Wäre ab November dabei, wenn sich die weiße PS4 bei mir eingenistet hat. 

Niveau: Trifft schon mal nen Ball - wenn das Glück mitkickt.


----------



## Herbboy (24. September 2014)

Können denn PS4-Nutzer gegen/mit PC-User spielen? 

Mein Stand: hatte an sich gar nicht vor, Fifa zu holen, zumindest nicht bevor PES15 draußen ist


----------



## Amboss (24. September 2014)

Herbboy schrieb:


> Können denn PS4-Nutzer gegen/mit PC-User spielen?


Nein leider nicht. Das macht es ja immer so kompliziert


----------



## weltking (24. September 2014)

Wäre auch dabei.

Plattform: PS4

Niveau: Eher erfahrener Anfänger


----------



## knallco (25. September 2014)

Also ich wäre voll mit meiner PS4 dabei - let´s goooooooo


----------



## Amboss (26. September 2014)

Vielleicht wird es ja doch was. Wie gesagt, wäre ich selbst aber wohl eher nur sporadisch bei dem Club-Team-Mode dabei aber würde mich schon anschließen. Sicherlich Spaß an ein paar Abenden und wenn ein paar regelmäßig spielen, ist es ja auch schon was. Ich mach einfach mal ein entsprechendes Unterforum in der Clansektion auf, dann spammt es nicht "Die letzten 100 Beiträge" so voll. 

Überlegt euch doch schon mal Namensvorschläge für den Club.

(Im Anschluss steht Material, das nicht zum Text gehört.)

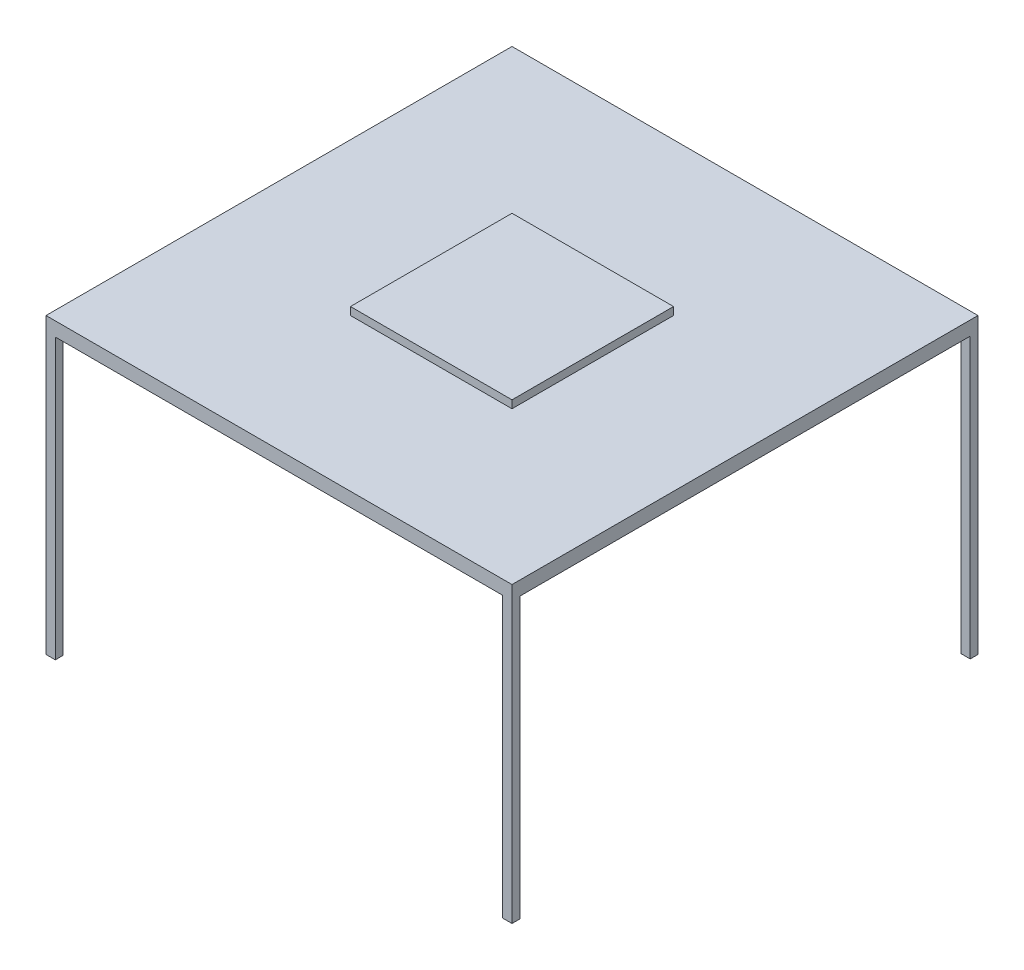
SolidWorks part; units mm, degrees
ref_plane "Front Plane" through (0, 0, 0) normal (0, 0, 1) x (1, 0, 0)
ref_plane "Top Plane" through (0, 0, 0) normal (0, 1, 0) x (1, 0, 0)
ref_plane "Right Plane" through (0, 0, 0) normal (1, 0, 0) x (0, 0, -1)
sketch "Sketch1" plane through (0, 0, 0) normal (0, 1, 0) x (1, 0, 0)
  line L1 (-260, -260) -> (260, -260)
  line L2 (-260, -260) -> (-260, 260)
  line L3 (-260, 260) -> (260, 260)
  line L4 (260, -260) -> (260, 260)
  line L5 (-260, -260) -> (260, 260) construction
  line L6 (-260, 260) -> (260, -260) construction
  text T0 "CHESS board"
  point P0 (0, 0)
  dimension "D1" = 520
  dimension "D2" = 520
extrude "Boss-Extrude1" add sketch "Sketch1" along normal blind 25 contours L1 L4 L3 L2
sketch "Sketch2" plane through (0, 0, 0) normal (0, -1, 0) x (1, 0, 0)
  line L1 (750, 750) -> (-750, 750)
  line L2 (750, 750) -> (750, -750)
  line L3 (750, -750) -> (-750, -750)
  line L4 (-750, 750) -> (-750, -750)
  line L5 (750, 750) -> (-750, -750) construction
  line L6 (750, -750) -> (-750, 750) construction
  point P0 (0, 0)
  dimension "D1" = 1500
  dimension "D2" = 1500
extrude "Boss-Extrude2" add sketch "Sketch2" along normal blind 45
sketch "Sketch3" plane through (0, -45, 0) normal (0, -1, 0) x (1, 0, 0)
  line L0 (750, 750) -> (720, 750)
  line L1 (750, 750) -> (-750, 750) construction
  line L2 (720, 750) -> (720, 725)
  line L3 (720, 725) -> (750, 725)
  line L4 (750, -750) -> (750, 750) construction
  line L5 (750, 725) -> (750, 750)
  dimension "D1" = 25
  dimension "D2" = 30
extrude "Boss-Extrude3" add sketch "Sketch3" along normal blind 900
sketch "Sketch4" plane through (0, -45, 0) normal (0, -1, 0) x (1, 0, 0)
  line L0 (-750, 725) -> (-750, 750)
  line L1 (-750, 750) -> (-750, -750) construction
  line L2 (-750, 750) -> (-720, 750)
  line L3 (720, 750) -> (-750, 750) construction
  line L4 (-720, 750) -> (-720, 725)
  line L5 (-720, 725) -> (-750, 725)
  dimension "D1" = 25
  dimension "D2" = 30
extrude "Boss-Extrude4" add sketch "Sketch4" along normal blind 900
sketch "Sketch5" plane through (0, -45, 0) normal (0, -1, 0) x (1, 0, 0)
  line L0 (750, -750) -> (720, -750)
  line L1 (-750, -750) -> (750, -750) construction
  line L2 (720, -750) -> (720, -725)
  line L3 (720, -725) -> (750, -725)
  line L4 (750, -750) -> (750, 725) construction
  line L5 (750, -725) -> (750, -750)
  dimension "D1" = 25
  dimension "D2" = 30
extrude "Boss-Extrude5" add sketch "Sketch5" along normal blind 900
sketch "Sketch6" plane through (0, -45, 0) normal (0, -1, 0) x (1, 0, 0)
  line L0 (-725, -750) -> (-750, -750)
  line L1 (-750, -750) -> (720, -750) construction
  line L2 (-750, -750) -> (-750, -720)
  line L3 (-750, 725) -> (-750, -750) construction
  line L4 (-750, -720) -> (-725, -720)
  line L5 (-725, -720) -> (-725, -750)
  dimension "D1" = 25
  dimension "D2" = 30
extrude "Boss-Extrude6" add sketch "Sketch6" along normal blind 900

Und für alle anderen, die nicht an Fifa interessiert sind aber auch eine Art Untersektion für ein bestimmtes Spiel haben wollen, meldet euch (auch gerne per PM). Wenn sich mehr ergibt, kann das Forum auch ein wenig umgebaut werden.


----------



## Amboss (26. September 2014)

*Update:
Es gibt jetzt auch das Clubhaus im Forum
FIFA PC Games Clubhaus*


----------



## Maxim414 (28. September 2014)

Hallo,

ich wäre auch gerne dabie, aber erst ab November, wenn ich mehr Zeit dafür habe.
Spiele auf der PS4.


----------



## Amboss (30. September 2014)

Maxim414 schrieb:


> Hallo,
> 
> ich wäre auch gerne dabie, aber erst ab November, wenn ich mehr Zeit dafür habe.
> Spiele auf der PS4.


Cool, trage dich doch hier auch gleich ein: http://forum.pcgames.de/fifa-pc-games-clubhaus/9336406-mitgliederliste-und-anmeldung.html

Dann ist es übersichtlicher. Kannst ja auch schon mal ausloten, welche Position du bauen möchtest. Und wenn du mir deine PSN per privater Nachricht schickst, kann ich dich später auch schon mal dem Club hinzufügen. Wer weiß, wann unser erstes Training stattfindet.  Alles ein wenig im Aufbau und jeder spielt sich ja erstmal selbst ein.


----------